Pouch cell architectures for extremely fast charging

The UK's stated objective to emit zero carbon emissions by 2050 means that future cars and commercial vehicles will need to be driven by electric motors powered by compact batteries. The battery technology of the future is expected to be a descendant of existing Lithium ion (Li-ion) batteries used in existing Electric Vehicles (EVs) - such as the Toyota Prius and the Tesla range of EVs.

To optimise the cycle life (running cost) and performance (range and power) of Li-ion devices, the battery temperature must be maintained within a narrow window of operation - typically 15-50 degC (Wang, 2016). It is therefore not surprising that advancing battery thermal management technology is recognised as key to facilitating the widespread adoption of EVs.

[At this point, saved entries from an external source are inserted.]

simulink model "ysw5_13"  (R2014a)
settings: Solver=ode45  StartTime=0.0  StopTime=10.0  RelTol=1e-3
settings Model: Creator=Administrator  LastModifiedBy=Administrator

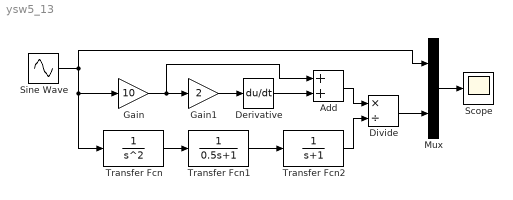
== system ysw5_13 ==
  Add : Sum
  Derivative : Derivative
  Divide : Product  Inputs=*/
  Gain : Gain  Gain=10
  Gain1 : Gain  Gain=2
  Mux : Mux  Inputs=2
  Scope : Scope
  Sine Wave : Sin  SampleTime=0
  Transfer Fcn : TransferFcn  Denominator=[1 0 0]
  Transfer Fcn1 : TransferFcn  Denominator=[0.5 1]
  Transfer Fcn2 : TransferFcn  Denominator=[1 1]
  wires:
  Sine Wave/1 -> Mux/1, Transfer Fcn/1, Gain/1
  Transfer Fcn1/1 -> Transfer Fcn2/1
  Transfer Fcn/1 -> Transfer Fcn1/1
  Mux/1 -> Scope/1
  Gain/1 -> Add/1, Gain1/1
  Gain1/1 -> Derivative/1
  Derivative/1 -> Add/2
  Add/1 -> Divide/1
  Transfer Fcn2/1 -> Divide/2
  Divide/1 -> Mux/2
simulink model "BaseEngineController_LS"  (Simulink 7.7)
settings: Solver=FixedStepDiscrete  StartTime=0.0  StopTime=10.0  RelTol=1e-3
PreLoadFcn:
  | try, eval([bdroot '_setup']); catch, eval('model_setup', ''); end
InitFcn:
  | try, eval([bdroot '_setup']); catch, eval('model_setup', ''); end
undefined symbols (not defined in the file): ECU555, High, motohawk_build_version, motohawk_trunc_name, motohawk_vardec_config_group, motohawk_vardec_path, True
libraries: MotoHawk_lib x1418, motohawk_control_primitives_lib x183, motohawk_engine_lib x32, simulink x21, motohawk_annotations_lib x9, AutoDoc_lib x8, simulink_extras x4, motohawk_ccp_examples_lib x1, motohawk_control_primitives_motoshare_lib x1
(part 22 of 27)

== system BaseEngineController_LS/Foreground/Control/Controller/Run/MinGovernor/Idle State Determination ==
  Sensors : Inport
  MinGovOutput : Inport  Port=2
  TargetRPM : Inport  Port=3
  Bus Selector1 : BusSelector  OutputSignals=Raw.RPMInst
  Bus Selector2 : BusSelector  OutputSignals=RawProcessed.APPPcnt,RawProcessed.TPS
  Bus Selector3 : BusSelector  OutputSignals=RawProcessed.ETCRequest
  Constant : Constant  Value=true
  Data Type Conversion : DataTypeConversion  OutDataTypeStr=int16
  Determine if RPM is Falling : Subsystem
  IdleStateMachine : Stateflow chart  TreatAsAtomicUnit=on
      settings: RTWSystemCode=Function  RTWFcnNameOpts=Use subsystem name  RTWFileNameOpts=Use function name
  Logical Operator : Logic  OutDataTypeStr=boolean
  Multiport Switch : MultiPortSwitch  DataPortOrder=Zero-based contiguous  Inputs=2  zeroidx=on
  Multiport Switch1 : MultiPortSwitch  DataPortOrder=Zero-based contiguous  Inputs=2  zeroidx=on
  OnIdle State : motohawk_control_primitives_lib/CompareTo  SystemSampleTime=-1  op===  val=2
  Relational Operator : RelationalOperator  Operator=<  ZeroCross=off  InputSameDT=on
  Relational Operator1 : RelationalOperator  Operator=<  ZeroCross=off  InputSameDT=on
  Relational Operator2 : RelationalOperator  ZeroCross=off  InputSameDT=on
  Relational Operator3 : RelationalOperator  Operator=<  ZeroCross=off  InputSameDT=on
  Relational Operator4 : RelationalOperator  Operator=>  OutDataTypeStr=boolean
  Relational Operator5 : RelationalOperator  Operator=>  ZeroCross=off  InputSameDT=on
  Sum : Sum  Inputs=|++  SaturateOnIntegerOverflow=on  InputSameDT=on
  Sum1 : Sum  Inputs=++|  SaturateOnIntegerOverflow=on  InputSameDT=on
  Sum2 : Sum  Inputs=+-|  SaturateOnIntegerOverflow=on  InputSameDT=on
  Time Since Enabled (With Input)1 : motohawk_control_primitives_lib/Time Since Enabled (With Input)1  SystemSampleTime=-1  nam='IdleEnterTimer'  samp_time=.005  init=0  upperlim=16000
  motohawk_calibration1 : MotoHawk_lib/Calibration & Probing Blocks/motohawk_calibration  nam='EnableRPMFalling'  val=1  storage=Calibration  show_more=on  name_source=Use Parameter  data_type=Inherit via back propagation  read_level=1  write_level=1  ovr_cals=on  view_as=Number  enum_struct={'Disabled', 'Enabled'}  vector_style=Wide Row  use_help_units=on  help='If disabled, Min Gov will enable immediately after cranking without waiting for falling RPM.'  units='bool'  use_header_enum=off  row_header_enum={}  col_header_enum={}  use_min_max=on  min_val=0  max_val=1  use_precision=off  precision=''  gain=1  offset=0  exp=1  use_mototune_group=on  mototune_group=motohawk_vardec_path(gcb)
  motohawk_calibration2 : MotoHawk_lib/Calibration & Probing Blocks/motohawk_calibration  nam='MinGovEntryAirTimeThresh'  val=10  storage=Calibration  show_more=on  name_source=Use Parameter  data_type=Inherit from 'Default Value'  read_level=1  write_level=1  ovr_cals=on  view_as=Number  enum_struct={'Disabled', 'Enabled'}  vector_style=Wide Row  use_help_units=on  help='If entry AirPcnt condition is satisfied, but RPM is high, Min Gov will enable if this time is exceeded.'  units='s'  use_header_enum=off  row_header_enum={}  col_header_enum={}  use_min_max=on  min_val=-inf  max_val=inf  use_precision=off  precision=''  gain=1  offset=0  exp=1  use_mototune_group=on  mototune_group=motohawk_vardec_path(gcb)
  motohawk_calibration3 : MotoHawk_lib/Calibration & Probing Blocks/motohawk_calibration  nam='MinGovAirPcntHyst'  val=0.5  storage=Calibration  show_more=on  name_source=Use Parameter  data_type=Inherit from 'Default Value'  read_level=1  write_level=1  ovr_cals=on  view_as=Number  enum_struct={'Disabled', 'Enabled'}  vector_style=Wide Row  use_help_units=on  help='Hysteresis around MinGovEntryAirPcnt where Min Gov will disable.'  units='%'  use_header_enum=off  row_header_enum={}  col_header_enum={}  use_min_max=on  min_val=-inf  max_val=inf  use_precision=off  precision=''  gain=1  offset=0  exp=1  use_mototune_group=on  mototune_group=motohawk_vardec_path(gcb)
  motohawk_calibration4 : MotoHawk_lib/Calibration & Probing Blocks/motohawk_calibration  nam='InGearMinGovEntryRPMDelta'  val=75  storage=Calibration  show_more=on  name_source=Use Parameter  data_type=int16  read_level=1  write_level=1  ovr_cals=on  view_as=Number  enum_struct={'Disabled', 'Enabled'}  vector_style=Wide Row  use_help_units=on  help='RPM above setpoint where Min Gov will enable when RPM is falling into idle.'  units='RPM'  use_header_enum=off  row_header_enum={}  col_header_enum={}  use_min_max=on  min_val=-inf  max_val=inf  use_precision=off  precision=''  gain=1  offset=0  exp=1  use_mototune_group=on  mototune_group=motohawk_vardec_path(gcb)
  motohawk_calibration5 : MotoHawk_lib/Calibration & Probing Blocks/motohawk_calibration  nam='MinGovEntryAirPcnt'  val=3  storage=Calibration  show_more=on  name_source=Use Parameter  data_type=Inherit from 'Default Value'  read_level=1  write_level=1  ovr_cals=on  view_as=Number  enum_struct={'Disabled', 'Enabled'}  vector_style=Wide Row  use_help_units=on  help='Percent air (TPS or APP) position where below which Min Gov will enable.'  units='%'  use_header_enum=off  row_header_enum={}  col_header_enum={}  use_min_max=on  min_val=-inf  max_val=inf  use_precision=off  precision=''  gain=1  offset=0  exp=1  use_mototune_group=on  mototune_group=motohawk_vardec_path(gcb)
  motohawk_calibration6 : MotoHawk_lib/Calibration & Probing Blocks/motohawk_calibration  nam='StallSaverDeltaRPM'  val=10  storage=Calibration  show_more=on  name_source=Use Parameter  data_type=int16  read_level=1  write_level=1  ovr_cals=on  view_as=Number  enum_struct={'Disabled', 'Enabled'}  vector_style=Wide Row  use_help_units=on  help='RPM delta below setpoint where Min Gov will enable to prevent engine stalls.'  units='RPM'  use_header_enum=off  row_header_enum={}  col_header_enum={}  use_min_max=on  min_val=-inf  max_val=inf  use_precision=on  precision=''  gain=1  offset=0  exp=1  use_mototune_group=on  mototune_group=motohawk_vardec_path(gcb)
  motohawk_data_read1 : MotoHawk_lib/Data Storage Blocks/motohawk_data_read  source=Lookup By Name  structure=Scalar  operation=Read scalar from location by index  sz_vec=4  sz_row=2  sz_col=3  typ=boolean  nam='AirControlSource'  checkNull=on  struct_inst_name='Struct1'  struct_nam='MyStruct'
  motohawk_probe : MotoHawk_lib/Calibration & Probing Blocks/motohawk_probe  nam='RPMCtrlMode'  show_more=on  name_source=Use Parameter  read_level=1  view_as=Number  enum_struct={'Disabled', 'Enabled'}  vector_style=Wide Row  use_help_units=on  help=''  units=''  use_header_enum=off  row_header_enum={}  col_header_enum={}  use_precision=on  precision=''  gain=1  offset=0  exp=1  use_mototune_group=on  mototune_group=motohawk_vardec_path(gcb)
  motohawk_probe1 : MotoHawk_lib/Calibration & Probing Blocks/motohawk_probe  nam='IdleState'  show_more=on  name_source=Use Parameter  read_level=1  view_as=Enumeration  enum_struct={'Unknown', 'Flaring', 'OnIdle', 'OffIdle'}  vector_style=Wide Row  use_help_units=on  help='The idle governor may be one of: Flaring, OnIdle, OffIdle'  units=''  use_header_enum=off  row_header_enum={}  col_header_enum={}  use_precision=off  precision=''  gain=1  offset=0  exp=1  use_mototune_group=on  mototune_group=motohawk_vardec_path(gcb)
  OnIdle : Outport
  wires:
  Relational Operator3/1 -> IdleStateMachine/4(RPMLow)
  Sum2/1 -> Relational Operator3/2
  motohawk_calibration6/1 -> Sum2/2
  Relational Operator1/1 -> Time Since Enabled (With Input)1/1, IdleStateMachine/5(ThrCmdLow)
  Relational Operator/1 -> IdleStateMachine/3(RPMInRange)
  OnIdle State/1 -> OnIdle/1, motohawk_probe/1
  IdleStateMachine/1(IdleState) -> OnIdle State/1, motohawk_probe1/1
  motohawk_calibration5/1 -> Relational Operator1/2, Sum1/1
  Sum/1 -> Relational Operator/2
  motohawk_calibration4/1 -> Sum/1
  TargetRPM/1 -> Sum2/1, Sum/2
  Determine if RPM is Falling/1(RPM Falling) -> IdleStateMachine/2(RPMFalling)
  Sensors/1 -> Bus Selector1/1, Bus Selector2/1, Bus Selector3/1
  motohawk_calibration3/1 -> Sum1/2
  Sum1/1 -> Relational Operator2/2
  Bus Selector1/1 -> Determine if RPM is Falling/1(RPM), Data Type Conversion/1  "<RPMInst>"
  MinGovOutput/1 -> Relational Operator4/2
  Logical Operator/1 -> IdleStateMachine/6(ThrCmdHigh)
  Relational Operator2/1 -> Logical Operator/1
  motohawk_calibration1/1 -> IdleStateMachine/1(IdleEnable)
  Time Since Enabled (With Input)1/1 -> Relational Operator5/1
  motohawk_calibration2/1 -> Relational Operator5/2
  Relational Operator5/1 -> IdleStateMachine/7(APPTimeThresh)
  Multiport Switch1/1 -> Relational Operator1/1, Relational Operator2/1
  Bus Selector2/1 -> Multiport Switch1/2  "<APPPcnt>"
  Bus Selector2/2 -> Multiport Switch1/3  "<TPS>"
  motohawk_data_read1/1 -> Multiport Switch1/1, Multiport Switch/1
  Bus Selector3/1 -> Relational Operator4/1  "<ETCRequest>"
  Multiport Switch/1 -> Logical Operator/2
  Relational Operator4/1 -> Multiport Switch/2
  Constant/1 -> Multiport Switch/3
  Data Type Conversion/1 -> Relational Operator3/1, Relational Operator/1

== system BaseEngineController_LS/Foreground/Control/Controller/Run/MinGovernor/MotoringDetection ==
  ActualRPM : Inport
  SetpointRPM : Inport  Port=2
  Data Type Conversion : DataTypeConversion  SaturateOnIntegerOverflow=on  RndMeth=Zero
  Relational Operator1 : RelationalOperator  Operator=>
  Relational Operator2 : RelationalOperator  Operator=>
  Sum : Sum  Inputs=+-  SaturateOnIntegerOverflow=on
  Time Since Enabled (With Input)2 : motohawk_control_primitives_lib/Time Since Enabled (With Input)1  SystemSampleTime=-1  nam='MotoringTimer'  samp_time=.005  init=0  upperlim=16000
  motohawk_calibration1 : MotoHawk_lib/Calibration & Probing Blocks/motohawk_calibration  nam='MotoringDtctTimerLimit'  val=5  storage=Calibration  show_more=on  name_source=Use Parameter  data_type=Inherit from 'Default Value'  read_level=1  write_level=1  ovr_cals=on  view_as=Number  enum_struct={'Disabled', 'Enabled'}  vector_style=Wide Row  use_help_units=on  help='Amount of time engine speed has to be above the min gov. rpm set pt to set motoring flag.'  units='sec'  use_header_enum=off  row_header_enum={}  col_header_enum={}  use_min_max=off  min_val=0  max_val=100  use_precision=off  precision=''  gain=1  offset=0  exp=1  use_mototune_group=on  mototune_group=motohawk_vardec_path(gcb)
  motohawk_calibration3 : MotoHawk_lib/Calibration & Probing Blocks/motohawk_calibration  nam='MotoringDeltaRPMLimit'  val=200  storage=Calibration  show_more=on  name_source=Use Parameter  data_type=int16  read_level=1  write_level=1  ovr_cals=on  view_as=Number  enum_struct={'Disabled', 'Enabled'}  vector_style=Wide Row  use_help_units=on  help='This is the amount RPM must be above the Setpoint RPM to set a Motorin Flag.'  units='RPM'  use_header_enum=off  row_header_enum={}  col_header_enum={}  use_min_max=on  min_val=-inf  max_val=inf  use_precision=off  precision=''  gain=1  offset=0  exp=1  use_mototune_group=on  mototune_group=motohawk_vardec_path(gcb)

One of the main challenges for future Battery Thermal Management Systems (BTMS) will be the facilitation of Extremely Fast Charging (XFC). XFC would enable a battery pack with a 200-mile range to be re-charged on a time-scale like that for refueling a conventional petrol or diesel car. However, XFC is challenging from a BTMS perspective as it leads to the generation of considerable amounts of heat in the batteries. Being able to maintain the batteries within their operational temperature envelope during XFC, particularly in hotter climates, is currently an un-solved problem in the automotive sector. The aim of this project is to assess the feasibility of optimising current pouch-cell architectures for heat extraction; combining the result with Qdot's battery cooling technology to enable XFC.